André Onana got off to a bad start at United, but is looking good enough right now without yet having set the world on fire. Success rating: 7/10.

Rasmus Hojlund looks to be a fantastic prospect and could be one of Ten Hag’s rare successes in the transfer market. One caveat though is that United ended up paying €75 million for a player who Atalanta started the summer saying they would not accept less than €45 million for. Success rating: 8/10.

Jonny Evans looked to just be joining in training for a few weeks but the chaotic transfer window and multiple injuries saw him secure a longer term contract. He even started to nail down a starting XI berth until sustaining the injury against Copenhagen that looks to have cruelly robbed him of continuity. Success rating: 6/10.

Sergio Reguilon’s loan was on paper not the worst idea in the world, but you have to ask yourself why Spurs were so happy to let him go to a rival without even a loan fee. Injury proneness and inconsistency have limited his minutes despite two left back injuries and it still beggars belief as to why United simply did not recall Alvaro Fernandez from his loan at Granada. Success rating: 3/10.

Sofyan Amrabat’s loan did not come cheap nor easily. A late arrival on deadline day, missing the start of the season, Amrabat required a €10 million loan fee when he would have been just €24m to buy. A real Ten Hag “must have”, frankly, so far, he has not been worth that amount. Yet to find his feet in the Premier League and even looking overawed in Europe against the likes of Copenhagen, the Moroccan has been a major disappointment. Success rating: 1/10.

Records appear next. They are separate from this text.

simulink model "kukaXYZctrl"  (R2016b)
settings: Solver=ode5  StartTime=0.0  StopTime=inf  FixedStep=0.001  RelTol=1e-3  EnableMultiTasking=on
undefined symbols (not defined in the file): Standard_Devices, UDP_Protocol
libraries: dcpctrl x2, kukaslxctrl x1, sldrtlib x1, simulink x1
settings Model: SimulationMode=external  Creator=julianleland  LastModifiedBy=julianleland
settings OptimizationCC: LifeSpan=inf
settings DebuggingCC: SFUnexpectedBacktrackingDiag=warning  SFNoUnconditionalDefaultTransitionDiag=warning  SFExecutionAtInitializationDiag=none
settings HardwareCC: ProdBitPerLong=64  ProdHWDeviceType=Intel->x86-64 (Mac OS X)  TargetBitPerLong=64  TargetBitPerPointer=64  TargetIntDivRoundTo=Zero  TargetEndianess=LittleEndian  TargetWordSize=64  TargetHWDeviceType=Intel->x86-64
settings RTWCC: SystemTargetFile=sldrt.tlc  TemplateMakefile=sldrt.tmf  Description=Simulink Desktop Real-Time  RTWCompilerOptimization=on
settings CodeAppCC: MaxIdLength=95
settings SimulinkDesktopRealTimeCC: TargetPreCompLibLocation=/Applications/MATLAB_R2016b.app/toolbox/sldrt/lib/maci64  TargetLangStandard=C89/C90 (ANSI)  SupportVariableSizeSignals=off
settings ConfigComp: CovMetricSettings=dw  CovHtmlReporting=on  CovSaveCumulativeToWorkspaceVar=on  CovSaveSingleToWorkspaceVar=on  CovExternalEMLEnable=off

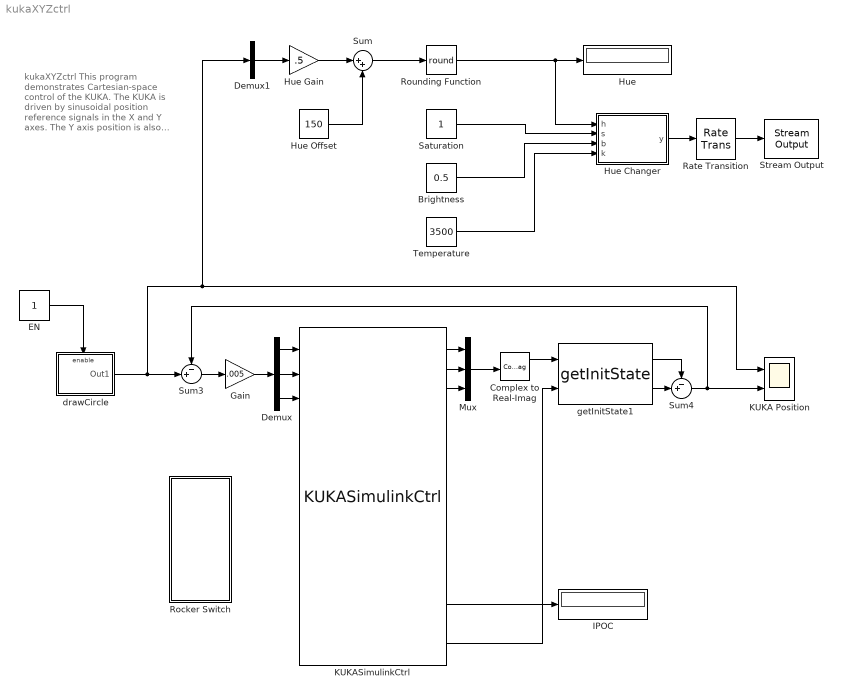
== system kukaXYZctrl ==
  note: kukaXYZctrl
      |
      | This program demonstrates Cartesian-space control of the KUKA. The KUKA is driven by sinusoidal position reference signals in the X and Y axes.
      |
      | The Y axis position is also used to drive the hue of the LIFX light-painting end-effector.
  Brightness : Constant  Value=0.5  OutMax=[1]  OutDataTypeStr=double
  Complex to Real-Imag : ComplexToRealImag
  Demux : Demux  Outputs=3
  Demux1 : Demux  Outputs=3
  EN : Constant
  Gain : Gain  Gain=.005
  Hue : Display
  Hue Changer : MATLAB Function  TreatAsAtomicUnit=on
  Hue Gain : Gain  Gain=.5
  Hue Offset : Constant  Value=150
  IPOC : Display
  KUKA Position : Scope  NumInputPorts=2
  KUKASimulinkCtrl : kukaslxctrl/KUKASimulinkCtrl
  Mux : Mux  Inputs=3
  Rate Transition : RateTransition
  Rocker Switch : Subsystem  DialogController=hmiCreateDDGDialog  IsWebBlock=on  mask(MWDashboardBlock){webBlockId=3e8c6259-59c1-4042-afd8-690274d47d06, webBlockType=rockerswitch, ShowInLibBrowser=on, ShowInitialText=on, HMISrcModelName=kukaXYZctrl}
      mask prompts: webBlockId "WebBlock Id"; webBlockType "WebBlock Type"; HMISrcModelName "Source Model"
      mask Help: helpview([docroot '/mapfiles/simulink.map'], 'hmi_rocker_switch')
      mask Display:
      | if strcmp(get_param(bdroot(gcb),'BlockDiagramType'), 'library')
      |     image([(matlabroot) '/toolbox/simulink/hmi/icons/RockerSwitch.png']);
      | end
  Rounding Function : Rounding  Operator=round
  Saturation : Constant  OutDataTypeStr=double
  Stream Output : sldrtlib/Stream Output  SampleTime=.1  MaxMissedTicks=10  ShowMissedTicks=off  YieldWhenWaiting=on  DrvName=Standard_Devices/UDP_Protocol  DrvAddress=54359  DrvOptions=[174338150 56700]  PortSizes=49  FormatString=repmat('%c',1,49)  ShowReady=off  ShowError=off  InitialValue=[]  FinalValue=[]
      settings: AttributesFormatString=Standard Devices\nUDP Protocol [D457h]
  Sum : Sum  Inputs=|++
  Sum3 : Sum  Inputs=-+|
  Sum4 : Sum  Inputs=-+|
  Temperature : Constant  Value=3500  OutMin=[2500]  OutMax=[9000]  OutDataTypeStr=double
  drawCircle : Subsystem
  getInitState1 : dcpctrl/getInitState
  wires:
  Sum3/1 -> Gain/1
  Gain/1 -> Demux/1
  Sum4/1 -> KUKA Position/2, Sum3/1
  Complex to Real-Imag/1 -> getInitState1/1
  getInitState1/2 -> Sum4/2
  getInitState1/1 -> Sum4/1
  KUKASimulinkCtrl/16 -> getInitState1/2
  KUKASimulinkCtrl/1 -> Mux/1
  KUKASimulinkCtrl/2 -> Mux/2
  KUKASimulinkCtrl/3 -> Mux/3
  Mux/1 -> Complex to Real-Imag/1
  Demux/1 -> KUKASimulinkCtrl/1
  Demux/2 -> KUKASimulinkCtrl/2
  Demux/3 -> KUKASimulinkCtrl/3
  drawCircle/1(Out1) -> KUKA Position/1, Demux1/1, Sum3/2
  EN/1 -> drawCircle/Enable
  KUKASimulinkCtrl/14 -> IPOC/1
  Hue Changer/1(y) -> Rate Transition/1
  Saturation/1 -> Hue Changer/2(s)
  Brightness/1 -> Hue Changer/3(b)
  Temperature/1 -> Hue Changer/4(k)
  Rounding Function/1 -> Hue/1, Hue Changer/1(h)
  Hue Gain/1 -> Sum/1
  Sum/1 -> Rounding Function/1
  Hue Offset/1 -> Sum/2
  Rate Transition/1 -> Stream Output/1
  Demux1/2 -> Hue Gain/1

== system kukaXYZctrl/Rocker Switch ==

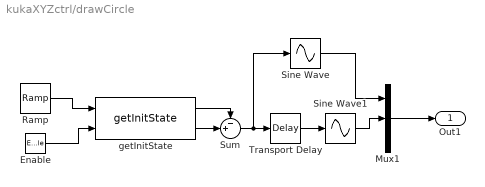
== system kukaXYZctrl/drawCircle ==
  Enable : EnablePort  ShowOutputPort=on
  Mux1 : Mux  Inputs=3
  Ramp : simulink/Sources/Ramp  slope=1  start=0  X0=0
  Sine Wave : Sin  TimeSource=Use external signal  Amplitude=200  Frequency=0.5  SampleTime=0
  Sine Wave1 : Sin  TimeSource=Use external signal  Amplitude=200  Frequency=0.5  SampleTime=0
  Sum : Sum  Inputs=-+|
  Transport Delay : TransportDelay  DelayTime=3
  getInitState : dcpctrl/getInitState
  Out1 : Outport
  wires:
  Sine Wave/1 -> Mux1/1
  Sine Wave1/1 -> Mux1/2
  Mux1/1 -> Out1/1
  Enable/1 -> getInitState/2
  Ramp/1 -> getInitState/1
  getInitState/2 -> Sum/2
  getInitState/1 -> Sum/1
  Sum/1 -> Transport Delay/1, Sine Wave/1
  Transport Delay/1 -> Sine Wave1/1

== matlab function kukaXYZctrl/Hue Changer ==
  data: h input; y output size=[1,49]; s input; b input; k input
function y = fcn(h,s,b,k)
%#codegen
%%
dec_code = [49;0;0;52;0;0;0;0;0;0;0;0;0;0;0;0;0;0;0;0;0;0;0;0;0;0;0;0;0;0;0;0;102;0;0;0;0;85;85;255;255;255;255;191;218;0;4;0;0];
%%
%%HUE 
hue = h/360 * 65535; %hue conversion formula, from degrees scale to LIFX scale
hue = floor(hue);
hue_hex = dec2hex(hue);

if (length(hue_hex) == 1)
    hue_arr = ['0',hue_hex(1)];
    hue_arr = ['00',hue_arr(1:2)];

elseif (length(hue_hex) ==2)
    hue_arr = ['00',hue_hex(1:2)];  
    
elseif (length(hue_hex) == 3)
    hue_arr = ['0', hue_hex(1), hue_hex(2), hue_hex(3)];
    hue_arr = [hue_arr(1:2),hue_arr(3:4)];
    
else
    hue_arr = [hue_hex(1:2), hue_hex(3:4)];
        
end

hue_out = hex2dec(hue_arr(1:2));
hue_out2 = hex2dec(hue_arr(3:4));

dec_code(38) = hue_out2;
dec_code(39) = hue_out;

%%
%SATURATION
sat = s * 65535; %saturation conversion formula, from 0-1 to LIFX scale
sat = floor(sat);
sat_hex = dec2hex(sat);

if (length(sat_hex) == 1)
    sat_arr = ['0',sat_hex(1)];
    sat_arr = ['00',sat_arr(1:2)];

elseif (length(sat_hex) ==2)
    sat_arr = ['00',sat_hex(1:2)];  
    
elseif (length(sat_hex) == 3)
    sat_arr = ['0', sat_hex(1), sat_hex(2), sat_hex(3)];
    sat_arr = [sat_arr(1:2),sat_arr(3:4)];
    
else
    sat_arr = [sat_hex(1:2), sat_hex(3:4)];
        
end

sat_out = hex2dec(sat_arr(1:2));
sat_out2 = hex2dec(sat_arr(3:4));

dec_code(40) = sat_out2;
dec_code(41) = sat_out;

%%

%BRIGHTNESS
bright = b * 65535; %brightness conversion formula, from 0-1 to LIFX scale
bright = floor(bright);
bright_hex = dec2hex(bright);

if (length(bright_hex) == 1)
    bright_arr = ['0',bright_hex(1)];
    bright_arr = ['00',bright_arr(1:2)];

elseif (length(bright_hex) ==2)
    bright_arr = ['00',bright_hex(1:2)];  
    
elseif (length(bright_hex) == 3)
    bright_arr = ['0', bright_hex(1), bright_hex(2), bright_hex(3)];
    bright_arr = [bright_arr(1:2),bright_arr(3:4)];
    
else
    bright_arr = [bright_hex(1:2), bright_hex(3:4)];
end

bright_out = hex2dec(bright_arr(1:2));
bright_out2 = hex2dec(bright_arr(3:4));

dec_code(42) = bright_out2;
dec_code(43) = bright_out;

%%
%KELVIN
kelvin = k; %Kelvin conversion formula, from 0-1 to LIFX scale
kelvin = floor(kelvin);
kelvin_hex = dec2hex(kelvin);

if (length(kelvin_hex) == 1)
    kelvin_arr = ['0',kelvin_hex(1)];
    kelvin_arr = ['00',kelvin_arr(1:2)];

elseif (length(kelvin_hex) ==2)
    kelvin_arr = ['00',kelvin_hex(1:2)];  
    
elseif (length(kelvin_hex) == 3)
    kelvin_arr = ['0', kelvin_hex(1), kelvin_hex(2), kelvin_hex(3)];
    kelvin_arr = [kelvin_arr(1:2), kelvin_arr(3:4)];
    
else
    kelvin_arr = [kelvin_hex(1:2), kelvin_hex(3:4)];
end

kelvin_out = hex2dec(kelvin_arr(1:2));
kelvin_out2 = hex2dec(kelvin_arr(3:4));

dec_code(44) = kelvin_out2;
dec_code(45) = kelvin_out;

%%
%y_temp = char_out;
%y = y_temp(1:2);

y = uint8(dec_code');

Altay Bayindir completes the list and we can’t pass judgement on him as he has not yet played a competitive match for United. Success rating: n/a.

Total score 54/150: 36% success rate.

Whether the blame is placed at the club’s door or that of Ten Hag, at a 36% success rate, the overall transfer policy must be deemed a failure. And it did not come cheap, either; €448 million has been spent on this group of players in loan and transfer fees alone (source: transfermarkt.com).

Some have questioned whether many of these stars have improved United. Is Onana an upgrade on David de Gea? Is Amrabat an upgrade on Fred? Overall, has Casemiro been an improvement on Matic? Will Bayindir be an upgrade on Henderson? Is Malacia better than Fernandez and is Reguilon better than Alex Telles? Have United replaced the likes of Juan Mata, Paul Pogba and Mason Greenwood with anyone at all?

Too many workmanlike, work-in-progress, past their best or simply free-and-available signings. Arguably Jadon Sancho was the last really big name that United signed (and look how that turned out). Looking toward January, the kind of targets linked with United include OGC Nice’s Jean-Clair Todibo, FC Porto’s Mehdi Taremi and Spurs’ Pierre-Emile Hojbjerg. These are hardly names to get fans queueing up for debut match tickets.

Whatever your personal opinion on the likes of Pogba, Sancho, Harry Maguire, Bruno Fernandes or even Romelu Lukaku, they were top signings at the time, probably considered in the world’s top 10 players in their position. Now, with the possible exception of Onana, United’s recruits are nowhere near that level.

Whilst it is a good thing that United move away from the sort of big name, marquee signings that used to get former executive vice chairman Ed Woodward’s juices flowing, like Radamel Falcao, Angel di Maria and Cristiano (the second time), it is not a good thing if United pay way over the top for players who do not raise the bar on what went before.

Just as the stadium has sunk from one of the finest in the world to one struggling for Premier League mediocrity, so has the squad. A radical shift in approach is needed. Urgently.